**ENTRIES SUPPLIED:**

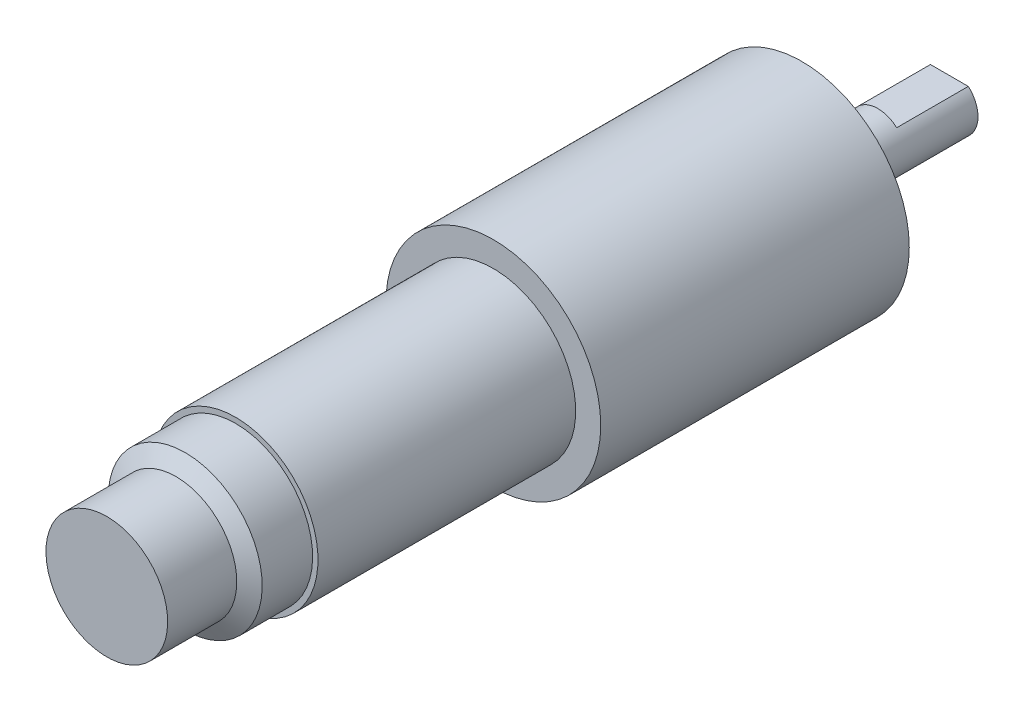
ISO-10303-21;
HEADER;
FILE_DESCRIPTION(('STEP AP214'),'2;1');
FILE_NAME('part.step','',(''),(''),'','','');
FILE_SCHEMA(('AUTOMOTIVE_DESIGN { 1 0 10303 214 1 1 1 1 }'));
ENDSEC;
DATA;
#1=APPLICATION_CONTEXT('core data for automotive mechanical design processes');
#2=APPLICATION_PROTOCOL_DEFINITION('international standard','automotive_design',2000,#1);
#3=PRODUCT_CONTEXT('',#1,'mechanical');
#4=PRODUCT('Part','Part','',(#3));
#5=PRODUCT_RELATED_PRODUCT_CATEGORY('part','',(#4));
#6=PRODUCT_DEFINITION_FORMATION('','',#4);
#7=PRODUCT_DEFINITION_CONTEXT('part definition',#1,'design');
#8=PRODUCT_DEFINITION('design','',#6,#7);
#9=PRODUCT_DEFINITION_SHAPE('','',#8);
#10=(LENGTH_UNIT() NAMED_UNIT(*) SI_UNIT(.MILLI.,.METRE.));
#11=(NAMED_UNIT(*) PLANE_ANGLE_UNIT() SI_UNIT($,.RADIAN.));
#12=(NAMED_UNIT(*) SI_UNIT($,.STERADIAN.) SOLID_ANGLE_UNIT());
#13=UNCERTAINTY_MEASURE_WITH_UNIT(LENGTH_MEASURE(1.E-05),#10,'distance_accuracy_value','');
#14=(GEOMETRIC_REPRESENTATION_CONTEXT(3) GLOBAL_UNCERTAINTY_ASSIGNED_CONTEXT((#13)) GLOBAL_UNIT_ASSIGNED_CONTEXT((#10,
#11,#12)) REPRESENTATION_CONTEXT('',''));
#15=CARTESIAN_POINT('',(0.,0.,0.));
#16=DIRECTION('',(0.,0.,1.));
#17=DIRECTION('',(1.,0.,0.));
#18=AXIS2_PLACEMENT_3D('',#15,#16,#17);
#19=CARTESIAN_POINT('',(0.,0.,86.146092564342));
#20=DIRECTION('',(0.,0.,-1.));
#21=DIRECTION('',(0.,1.,0.));
#22=AXIS2_PLACEMENT_3D('',#19,#20,#21);
#23=CONICAL_SURFACE('',#22,10.75,1.0471975511966);
#24=CARTESIAN_POINT('',(0.,0.,87.4451306700186));
#25=DIRECTION('',(0.,0.,-1.));
#26=DIRECTION('',(0.,1.,0.));
#27=AXIS2_PLACEMENT_3D('',#24,#25,#26);
#28=CIRCLE('',#27,8.5);
#29=CARTESIAN_POINT('',(0.,8.5,87.4451306700186));
#30=VERTEX_POINT('',#29);
#31=EDGE_CURVE('E56',#30,#30,#28,.T.);
#32=ORIENTED_EDGE('',*,*,#31,.T.);
#33=EDGE_LOOP('',(#32));
#34=FACE_BOUND('',#33,.T.);
#35=CARTESIAN_POINT('',(0.,0.,86.146092564342));
#36=DIRECTION('',(0.,0.,-1.));
#37=DIRECTION('',(0.,1.,0.));
#38=AXIS2_PLACEMENT_3D('',#35,#36,#37);
#39=CIRCLE('',#38,10.75);
#40=CARTESIAN_POINT('',(0.,10.75,86.146092564342));
#41=VERTEX_POINT('',#40);
#42=EDGE_CURVE('E11',#41,#41,#39,.T.);
#43=ORIENTED_EDGE('',*,*,#42,.F.);
#44=EDGE_LOOP('',(#43));
#45=FACE_BOUND('',#44,.T.);
#46=ADVANCED_FACE('F42',(#34,#45),#23,.T.);
#47=CARTESIAN_POINT('',(0.,0.,79.1));
#48=DIRECTION('',(0.,0.,-1.));
#49=DIRECTION('',(0.,1.,0.));
#50=AXIS2_PLACEMENT_3D('',#47,#48,#49);
#51=CYLINDRICAL_SURFACE('',#50,10.75);
#52=ORIENTED_EDGE('',*,*,#42,.T.);
#53=EDGE_LOOP('',(#52));
#54=FACE_BOUND('',#53,.T.);
#55=CARTESIAN_POINT('',(0.,0.,79.1));
#56=DIRECTION('',(0.,0.,-1.));
#57=DIRECTION('',(0.,1.,0.));
#58=AXIS2_PLACEMENT_3D('',#55,#56,#57);
#59=CIRCLE('',#58,10.75);
#60=CARTESIAN_POINT('',(0.,10.75,79.1));
#61=VERTEX_POINT('',#60);
#62=EDGE_CURVE('E48',#61,#61,#59,.T.);
#63=ORIENTED_EDGE('',*,*,#62,.F.);
#64=EDGE_LOOP('',(#63));
#65=FACE_BOUND('',#64,.T.);
#66=ADVANCED_FACE('F76',(#54,#65),#51,.T.);
#67=CARTESIAN_POINT('',(0.,10.75,79.1));
#68=DIRECTION('',(0.,0.,-1.));
#69=DIRECTION('',(0.,1.,0.));
#70=AXIS2_PLACEMENT_3D('',#67,#68,#69);
#71=PLANE('',#70);
#72=ORIENTED_EDGE('',*,*,#62,.T.);
#73=EDGE_LOOP('',(#72));
#74=FACE_BOUND('',#73,.T.);
#75=ADVANCED_FACE('F72',(#74),#71,.T.);
#76=CARTESIAN_POINT('',(0.,0.,97.1));
#77=DIRECTION('',(0.,0.,1.));
#78=DIRECTION('',(0.,-1.,0.));
#79=AXIS2_PLACEMENT_3D('',#76,#77,#78);
#80=PLANE('',#79);
#81=CARTESIAN_POINT('',(0.,0.,97.1));
#82=DIRECTION('',(0.,0.,-1.));
#83=DIRECTION('',(0.,1.,0.));
#84=AXIS2_PLACEMENT_3D('',#81,#82,#83);
#85=CIRCLE('',#84,8.5);
#86=CARTESIAN_POINT('',(0.,8.5,97.1));
#87=VERTEX_POINT('',#86);
#88=EDGE_CURVE('E52',#87,#87,#85,.T.);
#89=ORIENTED_EDGE('',*,*,#88,.F.);
#90=EDGE_LOOP('',(#89));
#91=FACE_BOUND('',#90,.T.);
#92=ADVANCED_FACE('F66',(#91),#80,.T.);
#93=CARTESIAN_POINT('',(0.,0.,79.1));
#94=DIRECTION('',(0.,0.,-1.));
#95=DIRECTION('',(0.,1.,0.));
#96=AXIS2_PLACEMENT_3D('',#93,#94,#95);
#97=CYLINDRICAL_SURFACE('',#96,8.5);
#98=ORIENTED_EDGE('',*,*,#88,.T.);
#99=EDGE_LOOP('',(#98));
#100=FACE_BOUND('',#99,.T.);
#101=ORIENTED_EDGE('',*,*,#31,.F.);
#102=EDGE_LOOP('',(#101));
#103=FACE_BOUND('',#102,.T.);
#104=ADVANCED_FACE('F64',(#100,#103),#97,.T.);
#105=CLOSED_SHELL('',(#46,#66,#75,#92,#104));
#106=MANIFOLD_SOLID_BREP('B2',#105);
#107=CARTESIAN_POINT('',(0.,0.,-20.6));
#108=DIRECTION('',(0.,0.,1.));
#109=DIRECTION('',(1.,0.,0.));
#110=AXIS2_PLACEMENT_3D('',#107,#108,#109);
#111=PLANE('',#110);
#112=CARTESIAN_POINT('',(0.,0.,-20.6));
#113=DIRECTION('',(0.,0.,1.));
#114=DIRECTION('',(1.,0.,0.));
#115=AXIS2_PLACEMENT_3D('',#112,#113,#114);
#116=CIRCLE('',#115,4.);
#117=CARTESIAN_POINT('',(-2.64575131106459,3.,-20.6));
#118=VERTEX_POINT('',#117);
#119=CARTESIAN_POINT('',(2.64575131106459,3.,-20.6));
#120=VERTEX_POINT('',#119);
#121=EDGE_CURVE('E40',#118,#120,#116,.T.);
#122=ORIENTED_EDGE('',*,*,#121,.F.);
#123=DIRECTION('',(-1.,0.,0.));
#124=VECTOR('',#123,1.);
#125=CARTESIAN_POINT('',(2.64575131106459,3.,-20.6));
#126=LINE('',#125,#124);
#127=EDGE_CURVE('E140',#120,#118,#126,.T.);
#128=ORIENTED_EDGE('',*,*,#127,.F.);
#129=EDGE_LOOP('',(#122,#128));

**EXERCISE:** In the listing above, locate the line containing "#66=ADVANCED_FACE('F76',(#54,#65),#51,.T.);" and the line containing "#99=EDGE_LOOP('',(#98));". Transcribe those two lines and everything between them, exactly as written.

**EXERCISE ANSWER:**
#66=ADVANCED_FACE('F76',(#54,#65),#51,.T.);
#67=CARTESIAN_POINT('',(0.,10.75,79.1));
#68=DIRECTION('',(0.,0.,-1.));
#69=DIRECTION('',(0.,1.,0.));
#70=AXIS2_PLACEMENT_3D('',#67,#68,#69);
#71=PLANE('',#70);
#72=ORIENTED_EDGE('',*,*,#62,.T.);
#73=EDGE_LOOP('',(#72));
#74=FACE_BOUND('',#73,.T.);
#75=ADVANCED_FACE('F72',(#74),#71,.T.);
#76=CARTESIAN_POINT('',(0.,0.,97.1));
#77=DIRECTION('',(0.,0.,1.));
#78=DIRECTION('',(0.,-1.,0.));
#79=AXIS2_PLACEMENT_3D('',#76,#77,#78);
#80=PLANE('',#79);
#81=CARTESIAN_POINT('',(0.,0.,97.1));
#82=DIRECTION('',(0.,0.,-1.));
#83=DIRECTION('',(0.,1.,0.));
#84=AXIS2_PLACEMENT_3D('',#81,#82,#83);
#85=CIRCLE('',#84,8.5);
#86=CARTESIAN_POINT('',(0.,8.5,97.1));
#87=VERTEX_POINT('',#86);
#88=EDGE_CURVE('E52',#87,#87,#85,.T.);
#89=ORIENTED_EDGE('',*,*,#88,.F.);
#90=EDGE_LOOP('',(#89));
#91=FACE_BOUND('',#90,.T.);
#92=ADVANCED_FACE('F66',(#91),#80,.T.);
#93=CARTESIAN_POINT('',(0.,0.,79.1));
#94=DIRECTION('',(0.,0.,-1.));
#95=DIRECTION('',(0.,1.,0.));
#96=AXIS2_PLACEMENT_3D('',#93,#94,#95);
#97=CYLINDRICAL_SURFACE('',#96,8.5);
#98=ORIENTED_EDGE('',*,*,#88,.T.);
#99=EDGE_LOOP('',(#98));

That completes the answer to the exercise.